# Culturing Daphnia and Copepods



## APCRandall (Feb 2, 2007)

I want to culture Daphnia and Copepods.. Is there a good web link somebody can show me, or info?
also a link for culturning freshwater microalgae.


----------



## John P. (Nov 24, 2004)

APCRandall said:


> I want to culture Daphnia and Copepods.. Is there a good web link somebody can show me, or info?
> also a link for culturning freshwater microalgae.


Daphnia and Moina are easy. Search the forums--there are a few good posts.

Essentially:
-larger containers are best, and least likely to crash an entire population
-use old aquarium water only
-dissolve enough #1 or #2 jar baby food peas, squash, or carrots to make the water slightly cloudy
-don't feed yeast unless you have to--it's much momre difficult to sustain a population than with baby food
-no need to heat or aerate Moina--they're my preference
-light encourages population growth, but too much heat is not good


----------



## Nevermore (Mar 26, 2007)

I've been culturing Daphnia magna in two 5 gallon tanks for about a year. I use 16 hours of light to grow the algae to feed them. I got my starter culture from dallasdiscus.com. If my culture overgrows my green water I use Roti-Rich to feed the daphnia until my green water rebounds.

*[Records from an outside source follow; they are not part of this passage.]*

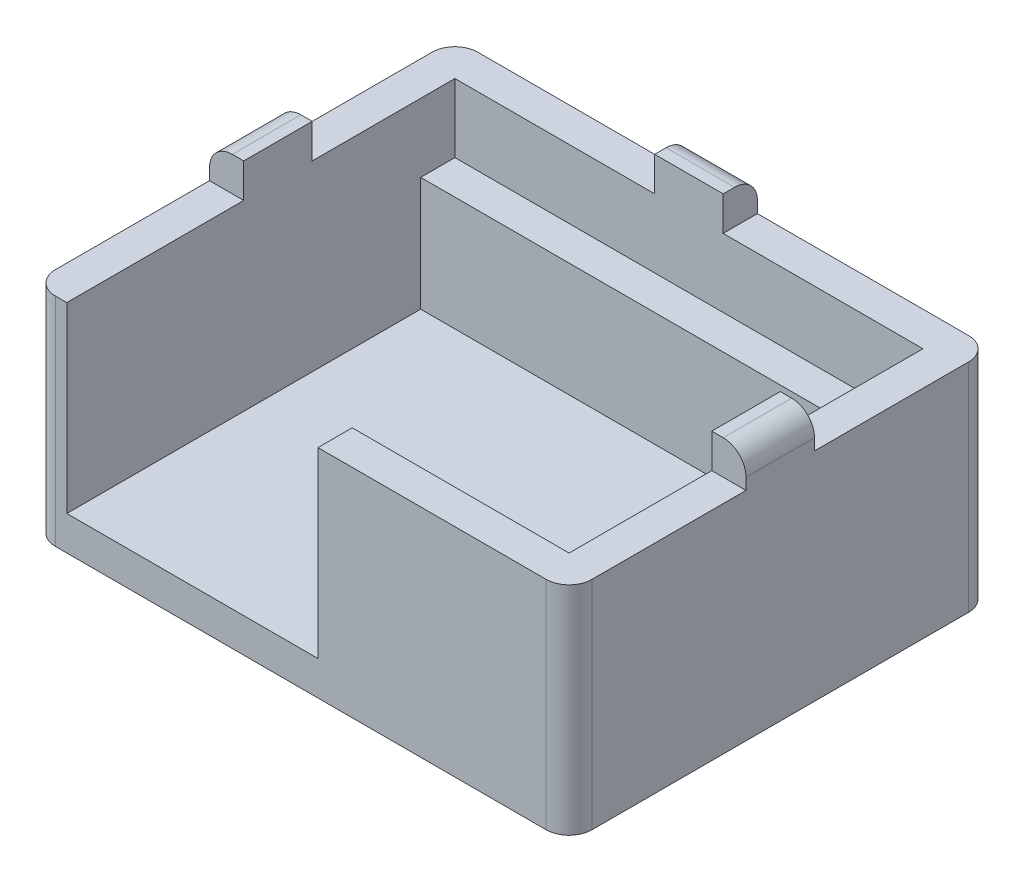
ISO-10303-21;
HEADER;
FILE_DESCRIPTION(('STEP AP214'),'2;1');
FILE_NAME('part.step','',(''),(''),'','','');
FILE_SCHEMA(('AUTOMOTIVE_DESIGN { 1 0 10303 214 1 1 1 1 }'));
ENDSEC;
DATA;
#1=APPLICATION_CONTEXT('core data for automotive mechanical design processes');
#2=APPLICATION_PROTOCOL_DEFINITION('international standard','automotive_design',2000,#1);
#3=PRODUCT_CONTEXT('',#1,'mechanical');
#4=PRODUCT('Part','Part','',(#3));
#5=PRODUCT_RELATED_PRODUCT_CATEGORY('part','',(#4));
#6=PRODUCT_DEFINITION_FORMATION('','',#4);
#7=PRODUCT_DEFINITION_CONTEXT('part definition',#1,'design');
#8=PRODUCT_DEFINITION('design','',#6,#7);
#9=PRODUCT_DEFINITION_SHAPE('','',#8);
#10=(LENGTH_UNIT() NAMED_UNIT(*) SI_UNIT(.MILLI.,.METRE.));
#11=(NAMED_UNIT(*) PLANE_ANGLE_UNIT() SI_UNIT($,.RADIAN.));
#12=(NAMED_UNIT(*) SI_UNIT($,.STERADIAN.) SOLID_ANGLE_UNIT());
#13=UNCERTAINTY_MEASURE_WITH_UNIT(LENGTH_MEASURE(1.E-05),#10,'distance_accuracy_value','');
#14=(GEOMETRIC_REPRESENTATION_CONTEXT(3) GLOBAL_UNCERTAINTY_ASSIGNED_CONTEXT((#13)) GLOBAL_UNIT_ASSIGNED_CONTEXT((#10,
#11,#12)) REPRESENTATION_CONTEXT('',''));
#15=CARTESIAN_POINT('',(0.,0.,0.));
#16=DIRECTION('',(0.,0.,1.));
#17=DIRECTION('',(1.,0.,0.));
#18=AXIS2_PLACEMENT_3D('',#15,#16,#17);
#19=CARTESIAN_POINT('',(-13.8612099644128,8.,-7.69661921708185));
#20=DIRECTION('',(1.,0.,0.));
#21=DIRECTION('',(0.,0.,-1.));
#22=AXIS2_PLACEMENT_3D('',#19,#20,#21);
#23=PLANE('',#22);
#24=DIRECTION('',(0.,0.,1.));
#25=VECTOR('',#24,1.);
#26=CARTESIAN_POINT('',(-13.8612099644128,0.,-7.69661921708185));
#27=LINE('',#26,#25);
#28=CARTESIAN_POINT('',(-13.8612099644128,0.,-6.19661921708185));
#29=VERTEX_POINT('',#28);
#30=CARTESIAN_POINT('',(-13.8612099644128,0.,9.30338078291815));
#31=VERTEX_POINT('',#30);
#32=EDGE_CURVE('E244',#29,#31,#27,.T.);
#33=ORIENTED_EDGE('',*,*,#32,.F.);
#34=DIRECTION('',(0.,-1.,0.));
#35=VECTOR('',#34,1.);
#36=CARTESIAN_POINT('',(-13.8612099644128,5.,-6.19661921708185));
#37=LINE('',#36,#35);
#38=CARTESIAN_POINT('',(-13.8612099644128,5.,-6.19661921708185));
#39=VERTEX_POINT('',#38);
#40=EDGE_CURVE('E250',#39,#29,#37,.T.);
#41=ORIENTED_EDGE('',*,*,#40,.F.);
#42=DIRECTION('',(0.,0.,1.));
#43=VECTOR('',#42,1.);
#44=CARTESIAN_POINT('',(-13.8612099644128,5.,-7.69661921708185));
#45=LINE('',#44,#43);
#46=CARTESIAN_POINT('',(-13.8612099644128,5.,-7.69661921708185));
#47=VERTEX_POINT('',#46);
#48=EDGE_CURVE('E269',#47,#39,#45,.T.);
#49=ORIENTED_EDGE('',*,*,#48,.F.);
#50=DIRECTION('',(0.,-1.,0.));
#51=VECTOR('',#50,1.);
#52=CARTESIAN_POINT('',(-13.8612099644128,8.,-7.69661921708185));
#53=LINE('',#52,#51);
#54=CARTESIAN_POINT('',(-13.8612099644128,8.,-7.69661921708185));
#55=VERTEX_POINT('',#54);
#56=EDGE_CURVE('E367',#55,#47,#53,.T.);
#57=ORIENTED_EDGE('',*,*,#56,.F.);
#58=DIRECTION('',(0.,0.,1.));
#59=VECTOR('',#58,1.);
#60=CARTESIAN_POINT('',(-13.8612099644128,8.,-7.69661921708185));
#61=LINE('',#60,#59);
#62=CARTESIAN_POINT('',(-13.8612099644128,8.,-1.44661921708185));
#63=VERTEX_POINT('',#62);
#64=EDGE_CURVE('E353',#55,#63,#61,.T.);
#65=ORIENTED_EDGE('',*,*,#64,.T.);
#66=DIRECTION('',(0.,-1.,0.));
#67=VECTOR('',#66,1.);
#68=CARTESIAN_POINT('',(-13.8612099644128,9.5,-1.44661921708185));
#69=LINE('',#68,#67);
#70=CARTESIAN_POINT('',(-13.8612099644128,9.5,-1.44661921708185));
#71=VERTEX_POINT('',#70);
#72=EDGE_CURVE('E323',#71,#63,#69,.T.);
#73=ORIENTED_EDGE('',*,*,#72,.F.);
#74=DIRECTION('',(0.,0.,-1.));
#75=VECTOR('',#74,1.);
#76=CARTESIAN_POINT('',(-13.8612099644128,9.5,-1.44661921708185));
#77=LINE('',#76,#75);
#78=CARTESIAN_POINT('',(-13.8612099644128,9.5,1.55338078291815));
#79=VERTEX_POINT('',#78);
#80=EDGE_CURVE('E307',#79,#71,#77,.T.);
#81=ORIENTED_EDGE('',*,*,#80,.F.);
#82=DIRECTION('',(0.,-1.,0.));
#83=VECTOR('',#82,1.);
#84=CARTESIAN_POINT('',(-13.8612099644128,9.5,1.55338078291815));
#85=LINE('',#84,#83);
#86=CARTESIAN_POINT('',(-13.8612099644128,8.,1.55338078291815));
#87=VERTEX_POINT('',#86);
#88=EDGE_CURVE('E315',#79,#87,#85,.T.);
#89=ORIENTED_EDGE('',*,*,#88,.T.);
#90=CARTESIAN_POINT('',(-13.8612099644128,8.,9.30338078291815));
#91=VERTEX_POINT('',#90);
#92=EDGE_CURVE('E357',#87,#91,#61,.T.);
#93=ORIENTED_EDGE('',*,*,#92,.T.);
#94=DIRECTION('',(0.,1.,0.));
#95=VECTOR('',#94,1.);
#96=CARTESIAN_POINT('',(-13.8612099644128,0.,9.30338078291815));
#97=LINE('',#96,#95);
#98=EDGE_CURVE('E249',#31,#91,#97,.T.);
#99=ORIENTED_EDGE('',*,*,#98,.F.);
#100=EDGE_LOOP('',(#33,#41,#49,#57,#65,#73,#81,#89,#93,#99));
#101=FACE_BOUND('',#100,.T.);
#102=ADVANCED_FACE('F33',(#101),#23,.T.);
#103=CARTESIAN_POINT('',(6.63879003558719,8.,-7.69661921708185));
#104=DIRECTION('',(-1.,0.,0.));
#105=DIRECTION('',(0.,0.,1.));
#106=AXIS2_PLACEMENT_3D('',#103,#104,#105);
#107=PLANE('',#106);
#108=DIRECTION('',(0.,0.,-1.));
#109=VECTOR('',#108,1.);
#110=CARTESIAN_POINT('',(6.63879003558719,5.,-7.69661921708185));
#111=LINE('',#110,#109);
#112=CARTESIAN_POINT('',(6.63879003558719,5.,-6.19661921708185));
#113=VERTEX_POINT('',#112);
#114=CARTESIAN_POINT('',(6.63879003558719,5.,-7.69661921708185));
#115=VERTEX_POINT('',#114);
#116=EDGE_CURVE('E274',#113,#115,#111,.T.);
#117=ORIENTED_EDGE('',*,*,#116,.F.);
#118=DIRECTION('',(0.,-1.,0.));
#119=VECTOR('',#118,1.);
#120=CARTESIAN_POINT('',(6.63879003558719,5.,-6.19661921708185));
#121=LINE('',#120,#119);
#122=CARTESIAN_POINT('',(6.63879003558719,0.,-6.19661921708185));
#123=VERTEX_POINT('',#122);
#124=EDGE_CURVE('E278',#113,#123,#121,.T.);
#125=ORIENTED_EDGE('',*,*,#124,.T.);
#126=DIRECTION('',(0.,0.,-1.));
#127=VECTOR('',#126,1.);
#128=CARTESIAN_POINT('',(6.63879003558719,0.,-7.69661921708185));
#129=LINE('',#128,#127);
#130=CARTESIAN_POINT('',(6.63879003558719,0.,7.80338078291815));
#131=VERTEX_POINT('',#130);
#132=EDGE_CURVE('E371',#131,#123,#129,.T.);
#133=ORIENTED_EDGE('',*,*,#132,.F.);
#134=DIRECTION('',(0.,-1.,0.));
#135=VECTOR('',#134,1.);
#136=CARTESIAN_POINT('',(6.63879003558719,8.,7.80338078291815));
#137=LINE('',#136,#135);
#138=CARTESIAN_POINT('',(6.63879003558719,8.,7.80338078291815));
#139=VERTEX_POINT('',#138);
#140=EDGE_CURVE('E379',#139,#131,#137,.T.);
#141=ORIENTED_EDGE('',*,*,#140,.F.);
#142=DIRECTION('',(0.,0.,-1.));
#143=VECTOR('',#142,1.);
#144=CARTESIAN_POINT('',(6.63879003558719,8.,-7.69661921708185));
#145=LINE('',#144,#143);
#146=CARTESIAN_POINT('',(6.63879003558719,8.,1.55338078291815));
#147=VERTEX_POINT('',#146);
#148=EDGE_CURVE('E360',#139,#147,#145,.T.);
#149=ORIENTED_EDGE('',*,*,#148,.T.);
#150=DIRECTION('',(0.,-1.,0.));
#151=VECTOR('',#150,1.);
#152=CARTESIAN_POINT('',(6.63879003558719,9.5,1.55338078291815));
#153=LINE('',#152,#151);
#154=CARTESIAN_POINT('',(6.63879003558719,9.5,1.55338078291815));
#155=VERTEX_POINT('',#154);
#156=EDGE_CURVE('E294',#155,#147,#153,.T.);
#157=ORIENTED_EDGE('',*,*,#156,.F.);
#158=DIRECTION('',(0.,0.,1.));
#159=VECTOR('',#158,1.);
#160=CARTESIAN_POINT('',(6.63879003558719,9.5,-1.44661921708185));
#161=LINE('',#160,#159);
#162=CARTESIAN_POINT('',(6.63879003558719,9.5,-1.44661921708185));
#163=VERTEX_POINT('',#162);
#164=EDGE_CURVE('E286',#163,#155,#161,.T.);
#165=ORIENTED_EDGE('',*,*,#164,.F.);
#166=DIRECTION('',(0.,-1.,0.));
#167=VECTOR('',#166,1.);
#168=CARTESIAN_POINT('',(6.63879003558719,9.5,-1.44661921708185));
#169=LINE('',#168,#167);
#170=CARTESIAN_POINT('',(6.63879003558719,8.,-1.44661921708185));
#171=VERTEX_POINT('',#170);
#172=EDGE_CURVE('E296',#163,#171,#169,.T.);
#173=ORIENTED_EDGE('',*,*,#172,.T.);
#174=CARTESIAN_POINT('',(6.63879003558719,8.,-7.69661921708185));
#175=VERTEX_POINT('',#174);
#176=EDGE_CURVE('E359',#171,#175,#145,.T.);
#177=ORIENTED_EDGE('',*,*,#176,.T.);
#178=DIRECTION('',(0.,-1.,0.));
#179=VECTOR('',#178,1.);
#180=CARTESIAN_POINT('',(6.63879003558719,8.,-7.69661921708185));
#181=LINE('',#180,#179);
#182=EDGE_CURVE('E376',#175,#115,#181,.T.);
#183=ORIENTED_EDGE('',*,*,#182,.T.);
#184=EDGE_LOOP('',(#117,#125,#133,#141,#149,#157,#165,#173,#177,#183));
#185=FACE_BOUND('',#184,.T.);
#186=ADVANCED_FACE('F509',(#185),#107,.T.);
#187=CARTESIAN_POINT('',(0.,0.,0.));
#188=DIRECTION('',(0.,1.,0.));
#189=DIRECTION('',(0.,0.,1.));
#190=AXIS2_PLACEMENT_3D('',#187,#188,#189);
#191=PLANE('',#190);
#192=DIRECTION('',(0.,0.,-1.));
#193=VECTOR('',#192,1.);
#194=CARTESIAN_POINT('',(-2.86120996441281,0.,7.80338078291815));
#195=LINE('',#194,#193);
#196=CARTESIAN_POINT('',(-2.86120996441281,0.,9.30338078291815));
#197=VERTEX_POINT('',#196);
#198=CARTESIAN_POINT('',(-2.86120996441281,0.,7.80338078291815));
#199=VERTEX_POINT('',#198);
#200=EDGE_CURVE('E240',#197,#199,#195,.T.);
#201=ORIENTED_EDGE('',*,*,#200,.T.);
#202=DIRECTION('',(1.,0.,0.));
#203=VECTOR('',#202,1.);
#204=CARTESIAN_POINT('',(-13.8612099644128,0.,7.80338078291815));
#205=LINE('',#204,#203);
#206=EDGE_CURVE('E369',#199,#131,#205,.T.);
#207=ORIENTED_EDGE('',*,*,#206,.T.);
#208=ORIENTED_EDGE('',*,*,#132,.T.);
#209=DIRECTION('',(1.,0.,0.));
#210=VECTOR('',#209,1.);
#211=CARTESIAN_POINT('',(-13.8612099644128,0.,-6.19661921708185));
#212=LINE('',#211,#210);
#213=EDGE_CURVE('E265',#29,#123,#212,.T.);
#214=ORIENTED_EDGE('',*,*,#213,.F.);
#215=ORIENTED_EDGE('',*,*,#32,.T.);
#216=DIRECTION('',(1.,0.,0.));
#217=VECTOR('',#216,1.);
#218=CARTESIAN_POINT('',(-13.8612099644128,0.,9.30338078291815));
#219=LINE('',#218,#217);
#220=EDGE_CURVE('E237',#31,#197,#219,.T.);
#221=ORIENTED_EDGE('',*,*,#220,.T.);
#222=EDGE_LOOP('',(#201,#207,#208,#214,#215,#221));
#223=FACE_BOUND('',#222,.T.);
#224=ADVANCED_FACE('F239',(#223),#191,.T.);
#225=CARTESIAN_POINT('',(0.,8.,0.));
#226=DIRECTION('',(0.,1.,0.));
#227=DIRECTION('',(0.,0.,1.));
#228=AXIS2_PLACEMENT_3D('',#225,#226,#227);
#229=PLANE('',#228);
#230=DIRECTION('',(0.,0.,1.));
#231=VECTOR('',#230,1.);
#232=CARTESIAN_POINT('',(-15.3612099644128,8.,-7.69661921708185));
#233=LINE('',#232,#231);
#234=CARTESIAN_POINT('',(-15.3612099644128,8.,1.55338078291815));
#235=VERTEX_POINT('',#234);
#236=CARTESIAN_POINT('',(-15.3612099644128,8.,8.30338078291815));
#237=VERTEX_POINT('',#236);
#238=EDGE_CURVE('E393',#235,#237,#233,.T.);
#239=ORIENTED_EDGE('',*,*,#238,.T.);
#240=CARTESIAN_POINT('',(-14.3612099644128,8.,8.30338078291815));
#241=DIRECTION('',(0.,1.,0.));
#242=DIRECTION('',(0.,0.,1.));
#243=AXIS2_PLACEMENT_3D('',#240,#241,#242);
#244=CIRCLE('',#243,1.);
#245=CARTESIAN_POINT('',(-14.3612099644128,8.,9.30338078291815));
#246=VERTEX_POINT('',#245);
#247=EDGE_CURVE('E41',#237,#246,#244,.T.);
#248=ORIENTED_EDGE('',*,*,#247,.T.);
#249=DIRECTION('',(1.,0.,0.));
#250=VECTOR('',#249,1.);
#251=CARTESIAN_POINT('',(-13.8612099644128,8.,9.30338078291815));
#252=LINE('',#251,#250);
#253=EDGE_CURVE('E396',#246,#91,#252,.T.);
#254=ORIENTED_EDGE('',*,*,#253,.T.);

Here are some links I used to get myself started:

http://www.caudata.org/daphnia/

http://aquamaniacs.net/forum/cms_view_article.php?aid=33

http://www.aquaculturestore.com/info/daphnia.html


----------



## fredyk (Jun 21, 2004)

here's an old link
http://fins.actwin.com/killietalk/month.200309/msg00217.html


----------



## rs79 (Dec 7, 2004)

I've cultured daphnia a few times. Here's some things I've picked up.

1) Yeast never, ever works for me. It makes a godawful stringy mess.

2) Pureed vegetables never worked for me either.

3) Green water worked spectacularly well.

4) Have many tanks of them. They're a tad unpredictable and can crash when you least expect it. I found 7 two gallon tanks was about right for me. There was always one or two tanks with tons of them the rest were either crashing ot gearing up.

5) They don't like water changes.

6) There's a Russian strain of D. magna that is the best. It's pretty big.

7) Don't discouns Moina. Smaller, but somewhat easier to culture.


----------



## CThompson (Jul 23, 2007)

I've grown daphnia for years in outside 200 litre barrels. By far the easiest way to feed them is to break a banana in two, skin and all, and throw that in. Provides a good constant long lasting food source. Potatoes also work.

Have multiple containers as cultures can go through boom/bust cycles, so spread the risk.

Craig


----------